Reproduce, from the lines below, exactly the stretch that begins at the line containing "-1, 0) x (1, 0, 0)" and ends at the line containing "arc A1 (-6.35, 10.9985)", both included.

-- MATERIAL TO PROCESS follows --

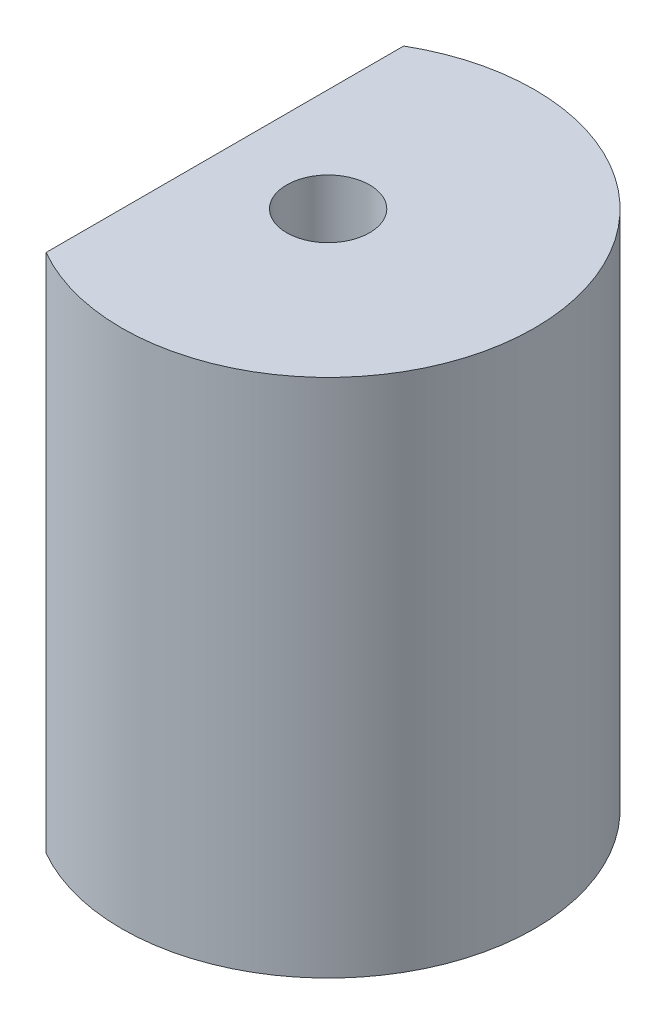
SolidWorks part; units mm, degrees
material "Delrin 2700 NC010, Low Viscosity Acetal Copolymer (SS)"
ref_plane "Front Plane" through (0, 0, 0) normal (0, 0, 1) x (1, 0, 0)
ref_plane "Top Plane" through (0, 0, 0) normal (0, 1, 0) x (1, 0, 0)
ref_plane "Right Plane" through (0, 0, 0) normal (1, 0, 0) x (0, 0, -1)
sketch "Sketch1" plane through (0, 0, 0) normal (0, 1, 0) x (1, 0, 0)
  circle A0 centre (0, 0) radius 12.7
  dimension "D1" = 25.4
extrude "Boss-Extrude1" add sketch "Sketch1" along normal blind 32
sketch "Sketch2" plane through (0, 0, 0) normal (0, -1, 0) x (1, 0, 0)
  point P0 (0, 0)
hole_wizard "Tap Drill for 1/4-20 Tap1" positions "Sketch2" profile "Sketch3" hole size "1/4-20" standard "ANSI Inch"
sketch "Sketch3" plane through (0, 0, 0) normal (1, 0, 0) x (0, 0, -1)
  line L0 (0, 0) -> (0, 11.6938)
  line L1 (0, 11.6938) -> (2.5527, 10.16)
  line L2 (2.5527, 10.16) -> (2.5527, 0)
  line L5 (2.5527, 0) -> (0, 0)
  line L10 (0, 11.6938) -> (-2.5527, 10.16) construction
  line L11 (0, -6.35) -> (0, 107.95) construction
  dimension "Hole Dia." = 5.1054
  dimension "Hole Depth" = 10.16
  dimension "Drill Angle" = 118
sketch "Sketch4" plane through (0, 32, 0) normal (0, 1, 0) x (1, 0, 0)
  point P0 (0, 0)
hole_wizard "Tap Drill for 1/4-20 Tap2" positions "Sketch4" profile "Sketch5" hole size "1/4-20" standard "ANSI Inch"
sketch "Sketch5" plane through (0, 32, 0) normal (1, 0, 0) x (0, 0, 1)
  line L0 (0, 0) -> (0, 11.6938)
  line L1 (0, 11.6938) -> (2.5527, 10.16)
  line L2 (2.5527, 10.16) -> (2.5527, 0)
  line L5 (2.5527, 0) -> (0, 0)
  line L10 (0, 11.6938) -> (-2.5527, 10.16) construction
  line L11 (0, -6.35) -> (0, 107.95) construction
  dimension "Hole Dia." = 5.1054
  dimension "Hole Depth" = 10.16
  dimension "Drill Angle" = 118
sketch "Sketch6" plane through (0, 32, 0) normal (0, 1, 0) x (1, 0, 0)
  line L0 (-6.35, 10.9985) -> (-6.35, -10.9985)
  circle A0 centre (0, 0) radius 12.7 construction
  arc A1 (-6.35, 10.9985) -> (-6.35, -10.9985) centre (0, 0) ccw
  point P5 (-12.7, 0)
  dimension "D1" = 6.35
extrude "Cut-Extrude1" cut sketch "Sketch6" against normal through all

-- MATERIAL TO PROCESS concluded --

- [RESPONSE BELOW]
sketch "Sketch2" plane through (0, 0, 0) normal (0, -1, 0) x (1, 0, 0)
  point P0 (0, 0)
hole_wizard "Tap Drill for 1/4-20 Tap1" positions "Sketch2" profile "Sketch3" hole size "1/4-20" standard "ANSI Inch"
sketch "Sketch3" plane through (0, 0, 0) normal (1, 0, 0) x (0, 0, -1)
  line L0 (0, 0) -> (0, 11.6938)
  line L1 (0, 11.6938) -> (2.5527, 10.16)
  line L2 (2.5527, 10.16) -> (2.5527, 0)
  line L5 (2.5527, 0) -> (0, 0)
  line L10 (0, 11.6938) -> (-2.5527, 10.16) construction
  line L11 (0, -6.35) -> (0, 107.95) construction
  dimension "Hole Dia." = 5.1054
  dimension "Hole Depth" = 10.16
  dimension "Drill Angle" = 118
sketch "Sketch4" plane through (0, 32, 0) normal (0, 1, 0) x (1, 0, 0)
  point P0 (0, 0)
hole_wizard "Tap Drill for 1/4-20 Tap2" positions "Sketch4" profile "Sketch5" hole size "1/4-20" standard "ANSI Inch"
sketch "Sketch5" plane through (0, 32, 0) normal (1, 0, 0) x (0, 0, 1)
  line L0 (0, 0) -> (0, 11.6938)
  line L1 (0, 11.6938) -> (2.5527, 10.16)
  line L2 (2.5527, 10.16) -> (2.5527, 0)
  line L5 (2.5527, 0) -> (0, 0)
  line L10 (0, 11.6938) -> (-2.5527, 10.16) construction
  line L11 (0, -6.35) -> (0, 107.95) construction
  dimension "Hole Dia." = 5.1054
  dimension "Hole Depth" = 10.16
  dimension "Drill Angle" = 118
sketch "Sketch6" plane through (0, 32, 0) normal (0, 1, 0) x (1, 0, 0)
  line L0 (-6.35, 10.9985) -> (-6.35, -10.9985)
  circle A0 centre (0, 0) radius 12.7 construction
  arc A1 (-6.35, 10.9985) -> (-6.35, -10.9985) centre (0, 0) ccw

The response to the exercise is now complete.